Abnormalities of Serum Fatty Acids in Children With Henoch–Schönlein Purpura by GC-MS Analysis

Purpose: The objectives of this work were to test the levels of serum medium- and long- chain fatty acids (MLCFAs) in children and to discover their possible relationship with Henoch-Schönlein Purpura (HSP), also known as Immunoglobulin A vasculitis.

Methods: A total of 57 children with HSP (HSP group) and 28 healthy children (CON group) were recruited for this study. Serum specimens were collected to detect the compositions and contents of MLCFAs by gas chromatography with mass spectrometry (GC-MS) analysis.

Results: The contents of all detected 37 MLCFAs in the HSP group were higher than the healthy group. Thirty-one species of MLCFAs were discovered to have a significant difference (p < 0.05) in two groups. Comparing to healthy controls, there were 31, 31, 18 fatty acids showed a statistical difference in the untreated group, regular treated group, and withdrawal group of HSP, respectively. The trend of fatty acids in the three HSP groups was similar to the healthy controls, as well as the untreated group and regular treated group changed more obviously than the withdrawal group. Almitate (C16:0) and 18 carbon atoms (C18) of fatty acids were abundant in all three HSP groups, divided according to the treatment of glucocorticoid. Some fatty acids were found having considerable differences (p < 0.05) in three groups. Monounsaturated fatty acids (MUFAs), including elaidate (C18:1T), cis-11,14,17-eicosatrienoic acid ester (C20:1), and cis-15-tetracosenoate (C24:1), were distinctly higher in HSP children with renal damage.

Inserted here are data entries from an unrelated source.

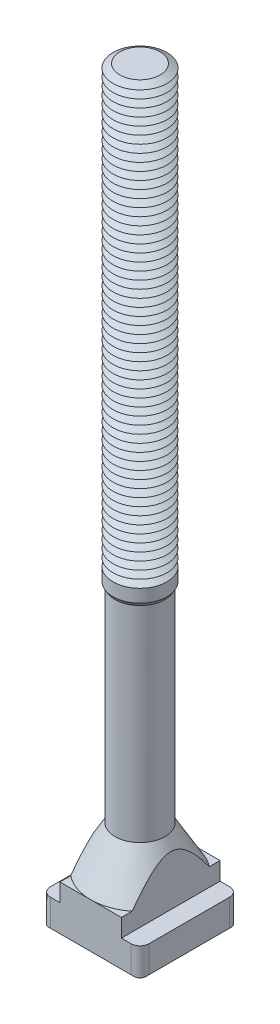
ISO-10303-21;
HEADER;
FILE_DESCRIPTION(('STEP AP214'),'2;1');
FILE_NAME('part.step','',(''),(''),'','','');
FILE_SCHEMA(('AUTOMOTIVE_DESIGN { 1 0 10303 214 1 1 1 1 }'));
ENDSEC;
DATA;
#1=APPLICATION_CONTEXT('core data for automotive mechanical design processes');
#2=APPLICATION_PROTOCOL_DEFINITION('international standard','automotive_design',2000,#1);
#3=PRODUCT_CONTEXT('',#1,'mechanical');
#4=PRODUCT('Part','Part','',(#3));
#5=PRODUCT_RELATED_PRODUCT_CATEGORY('part','',(#4));
#6=PRODUCT_DEFINITION_FORMATION('','',#4);
#7=PRODUCT_DEFINITION_CONTEXT('part definition',#1,'design');
#8=PRODUCT_DEFINITION('design','',#6,#7);
#9=PRODUCT_DEFINITION_SHAPE('','',#8);
#10=(LENGTH_UNIT() NAMED_UNIT(*) SI_UNIT(.MILLI.,.METRE.));
#11=(NAMED_UNIT(*) PLANE_ANGLE_UNIT() SI_UNIT($,.RADIAN.));
#12=(NAMED_UNIT(*) SI_UNIT($,.STERADIAN.) SOLID_ANGLE_UNIT());
#13=UNCERTAINTY_MEASURE_WITH_UNIT(LENGTH_MEASURE(1.E-05),#10,'distance_accuracy_value','');
#14=(GEOMETRIC_REPRESENTATION_CONTEXT(3) GLOBAL_UNCERTAINTY_ASSIGNED_CONTEXT((#13)) GLOBAL_UNIT_ASSIGNED_CONTEXT((#10,
#11,#12)) REPRESENTATION_CONTEXT('',''));
#15=CARTESIAN_POINT('',(0.,0.,0.));
#16=DIRECTION('',(0.,0.,1.));
#17=DIRECTION('',(1.,0.,0.));
#18=AXIS2_PLACEMENT_3D('',#15,#16,#17);
#19=CARTESIAN_POINT('',(0.,161.,0.));
#20=DIRECTION('',(0.,-1.,0.));
#21=DIRECTION('',(0.,0.,-1.));
#22=AXIS2_PLACEMENT_3D('',#19,#20,#21);
#23=CONICAL_SURFACE('',#22,4.48445554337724,1.04719755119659);
#24=CARTESIAN_POINT('',(0.,160.125,0.));
#25=DIRECTION('',(0.,-1.,0.));
#26=DIRECTION('',(0.,0.,-1.));
#27=AXIS2_PLACEMENT_3D('',#24,#25,#26);
#28=CIRCLE('',#27,6.00000000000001);
#29=CARTESIAN_POINT('',(0.,160.125,-6.00000000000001));
#30=VERTEX_POINT('',#29);
#31=EDGE_CURVE('E781',#30,#30,#28,.T.);
#32=ORIENTED_EDGE('',*,*,#31,.F.);
#33=EDGE_LOOP('',(#32));
#34=FACE_BOUND('',#33,.T.);
#35=CARTESIAN_POINT('',(0.,161.,0.));
#36=DIRECTION('',(0.,-1.,0.));
#37=DIRECTION('',(0.,0.,-1.));
#38=AXIS2_PLACEMENT_3D('',#35,#36,#37);
#39=CIRCLE('',#38,4.48445554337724);
#40=CARTESIAN_POINT('',(0.,161.,-4.48445554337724));
#41=VERTEX_POINT('',#40);
#42=EDGE_CURVE('E785',#41,#41,#39,.T.);
#43=ORIENTED_EDGE('',*,*,#42,.T.);
#44=EDGE_LOOP('',(#43));
#45=FACE_BOUND('',#44,.T.);
#46=ADVANCED_FACE('F39',(#34,#45),#23,.T.);
#47=CARTESIAN_POINT('',(0.,161.875,0.));
#48=DIRECTION('',(0.,1.,0.));
#49=DIRECTION('',(0.,0.,1.));
#50=AXIS2_PLACEMENT_3D('',#47,#48,#49);
#51=CONICAL_SURFACE('',#50,6.00000000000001,1.0471975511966);
#52=ORIENTED_EDGE('',*,*,#42,.F.);
#53=EDGE_LOOP('',(#52));
#54=FACE_BOUND('',#53,.T.);
#55=CARTESIAN_POINT('',(0.,161.875,0.));
#56=DIRECTION('',(0.,-1.,0.));
#57=DIRECTION('',(0.,0.,-1.));
#58=AXIS2_PLACEMENT_3D('',#55,#56,#57);
#59=CIRCLE('',#58,6.00000000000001);
#60=CARTESIAN_POINT('',(0.,161.875,-6.00000000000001));
#61=VERTEX_POINT('',#60);
#62=EDGE_CURVE('E789',#61,#61,#59,.T.);
#63=ORIENTED_EDGE('',*,*,#62,.T.);
#64=EDGE_LOOP('',(#63));
#65=FACE_BOUND('',#64,.T.);
#66=ADVANCED_FACE('F449',(#54,#65),#51,.T.);
#67=CARTESIAN_POINT('',(2.99966530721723,168.,0.));
#68=DIRECTION('',(0.,-1.,0.));
#69=DIRECTION('',(1.,0.,0.));
#70=AXIS2_PLACEMENT_3D('',#67,#68,#69);
#71=PLANE('',#70);
#72=CARTESIAN_POINT('',(0.,168.,0.));
#73=DIRECTION('',(0.,-1.,0.));
#74=DIRECTION('',(0.,0.,-1.));
#75=AXIS2_PLACEMENT_3D('',#72,#73,#74);
#76=CIRCLE('',#75,4.48445554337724);
#77=CARTESIAN_POINT('',(0.,168.,-4.48445554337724));
#78=VERTEX_POINT('',#77);
#79=EDGE_CURVE('E684',#78,#78,#76,.T.);
#80=ORIENTED_EDGE('',*,*,#79,.F.);
#81=EDGE_LOOP('',(#80));
#82=FACE_BOUND('',#81,.T.);
#83=ADVANCED_FACE('F455',(#82),#71,.F.);
#84=CARTESIAN_POINT('',(0.,168.,0.));
#85=DIRECTION('',(0.,-1.,0.));
#86=DIRECTION('',(0.,0.,-1.));
#87=AXIS2_PLACEMENT_3D('',#84,#85,#86);
#88=CONICAL_SURFACE('',#87,4.48445554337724,1.04719755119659);
#89=CARTESIAN_POINT('',(0.,167.125,0.));
#90=DIRECTION('',(0.,-1.,0.));
#91=DIRECTION('',(0.,0.,-1.));
#92=AXIS2_PLACEMENT_3D('',#89,#90,#91);
#93=CIRCLE('',#92,6.00000000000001);
#94=CARTESIAN_POINT('',(0.,167.125,-6.00000000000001));
#95=VERTEX_POINT('',#94);
#96=EDGE_CURVE('E687',#95,#95,#93,.T.);
#97=ORIENTED_EDGE('',*,*,#96,.F.);
#98=EDGE_LOOP('',(#97));
#99=FACE_BOUND('',#98,.T.);
#100=ORIENTED_EDGE('',*,*,#79,.T.);
#101=EDGE_LOOP('',(#100));
#102=FACE_BOUND('',#101,.T.);
#103=ADVANCED_FACE('F483',(#99,#102),#88,.T.);
#104=CARTESIAN_POINT('',(0.,167.125,0.));
#105=DIRECTION('',(0.,1.,0.));
#106=DIRECTION('',(0.,0.,1.));
#107=AXIS2_PLACEMENT_3D('',#104,#105,#106);
#108=CONICAL_SURFACE('',#107,6.00000000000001,1.0471975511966);
#109=CARTESIAN_POINT('',(0.,166.25,0.));
#110=DIRECTION('',(0.,-1.,0.));
#111=DIRECTION('',(0.,0.,-1.));
#112=AXIS2_PLACEMENT_3D('',#109,#110,#111);
#113=CIRCLE('',#112,4.48445554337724);
#114=CARTESIAN_POINT('',(0.,166.25,-4.48445554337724));
#115=VERTEX_POINT('',#114);
#116=EDGE_CURVE('E808',#115,#115,#113,.T.);
#117=ORIENTED_EDGE('',*,*,#116,.F.);
#118=EDGE_LOOP('',(#117));
#119=FACE_BOUND('',#118,.T.);
#120=ORIENTED_EDGE('',*,*,#96,.T.);
#121=EDGE_LOOP('',(#120));
#122=FACE_BOUND('',#121,.T.);
#123=ADVANCED_FACE('F480',(#119,#122),#108,.T.);
#124=CARTESIAN_POINT('',(0.,166.25,0.));
#125=DIRECTION('',(0.,-1.,0.));
#126=DIRECTION('',(0.,0.,-1.));
#127=AXIS2_PLACEMENT_3D('',#124,#125,#126);
#128=CONICAL_SURFACE('',#127,4.48445554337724,1.04719755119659);
#129=CARTESIAN_POINT('',(0.,165.375,0.));
#130=DIRECTION('',(0.,-1.,0.));
#131=DIRECTION('',(0.,0.,-1.));
#132=AXIS2_PLACEMENT_3D('',#129,#130,#131);
#133=CIRCLE('',#132,6.00000000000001);
#134=CARTESIAN_POINT('',(0.,165.375,-6.00000000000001));
#135=VERTEX_POINT('',#134);
#136=EDGE_CURVE('E805',#135,#135,#133,.T.);
#137=ORIENTED_EDGE('',*,*,#136,.F.);
#138=EDGE_LOOP('',(#137));
#139=FACE_BOUND('',#138,.T.);
#140=ORIENTED_EDGE('',*,*,#116,.T.);
#141=EDGE_LOOP('',(#140));
#142=FACE_BOUND('',#141,.T.);
#143=ADVANCED_FACE('F475',(#139,#142),#128,.T.);
#144=CARTESIAN_POINT('',(0.,165.375,0.));
#145=DIRECTION('',(0.,1.,0.));
#146=DIRECTION('',(0.,0.,1.));
#147=AXIS2_PLACEMENT_3D('',#144,#145,#146);
#148=CONICAL_SURFACE('',#147,6.00000000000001,1.0471975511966);
#149=CARTESIAN_POINT('',(0.,164.5,0.));
#150=DIRECTION('',(0.,-1.,0.));
#151=DIRECTION('',(0.,0.,-1.));
#152=AXIS2_PLACEMENT_3D('',#149,#150,#151);
#153=CIRCLE('',#152,4.48445554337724);
#154=CARTESIAN_POINT('',(0.,164.5,-4.48445554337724));
#155=VERTEX_POINT('',#154);
#156=EDGE_CURVE('E801',#155,#155,#153,.T.);
#157=ORIENTED_EDGE('',*,*,#156,.F.);
#158=EDGE_LOOP('',(#157));
#159=FACE_BOUND('',#158,.T.);
#160=ORIENTED_EDGE('',*,*,#136,.T.);
#161=EDGE_LOOP('',(#160));
#162=FACE_BOUND('',#161,.T.);
#163=ADVANCED_FACE('F472',(#159,#162),#148,.T.);
#164=CARTESIAN_POINT('',(0.,164.5,0.));
#165=DIRECTION('',(0.,-1.,0.));
#166=DIRECTION('',(0.,0.,-1.));
#167=AXIS2_PLACEMENT_3D('',#164,#165,#166);
#168=CONICAL_SURFACE('',#167,4.48445554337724,1.04719755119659);
#169=CARTESIAN_POINT('',(0.,163.625,0.));
#170=DIRECTION('',(0.,-1.,0.));
#171=DIRECTION('',(0.,0.,-1.));
#172=AXIS2_PLACEMENT_3D('',#169,#170,#171);
#173=CIRCLE('',#172,6.00000000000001);
#174=CARTESIAN_POINT('',(0.,163.625,-6.00000000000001));
#175=VERTEX_POINT('',#174);
#176=EDGE_CURVE('E797',#175,#175,#173,.T.);
#177=ORIENTED_EDGE('',*,*,#176,.F.);
#178=EDGE_LOOP('',(#177));
#179=FACE_BOUND('',#178,.T.);
#180=ORIENTED_EDGE('',*,*,#156,.T.);
#181=EDGE_LOOP('',(#180));
#182=FACE_BOUND('',#181,.T.);
#183=ADVANCED_FACE('F466',(#179,#182),#168,.T.);
#184=CARTESIAN_POINT('',(0.,163.625,0.));
#185=DIRECTION('',(0.,1.,0.));
#186=DIRECTION('',(0.,0.,1.));
#187=AXIS2_PLACEMENT_3D('',#184,#185,#186);
#188=CONICAL_SURFACE('',#187,6.00000000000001,1.0471975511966);
#189=CARTESIAN_POINT('',(0.,162.75,0.));
#190=DIRECTION('',(0.,-1.,0.));
#191=DIRECTION('',(0.,0.,-1.));
#192=AXIS2_PLACEMENT_3D('',#189,#190,#191);
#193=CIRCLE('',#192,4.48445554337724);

Conclusion: Our study revealed that the abnormalities in MLCFA may be associated with the development of HSP. Another interesting finding was that fatty acids contents were changing during the glucocorticoid treatment. Meanwhile, long-chain MUFAs may have an impact on renal damage in HSP patients. Further studies need to be carried out in order to explore the specific mechanism of fatty acids in the course of HSP.

Introduction

Henoch-Schönlein Purpura (HSP), also known as Immunoglobulin A vasculitis, is a systemic IgA immune complex-mediated vasculitis (1). The primary clinical manifestations of HSP include palpable purpuric rashes in the extremities (especially the lower extremities), arthritis, gastrointestinal symptoms, and renal damage (2, 3). The disease most commonly affects children, especially 2- to 8-year-olds. Although its pathogenesis remains unclear, multiple etiologies, including genetic background and environmental factors, have been suggested to contribute to the onset of HSP (4). The diagnosis is challenging due to relatively variable and heterogeneous symptoms and the lack of specific clinical indicator.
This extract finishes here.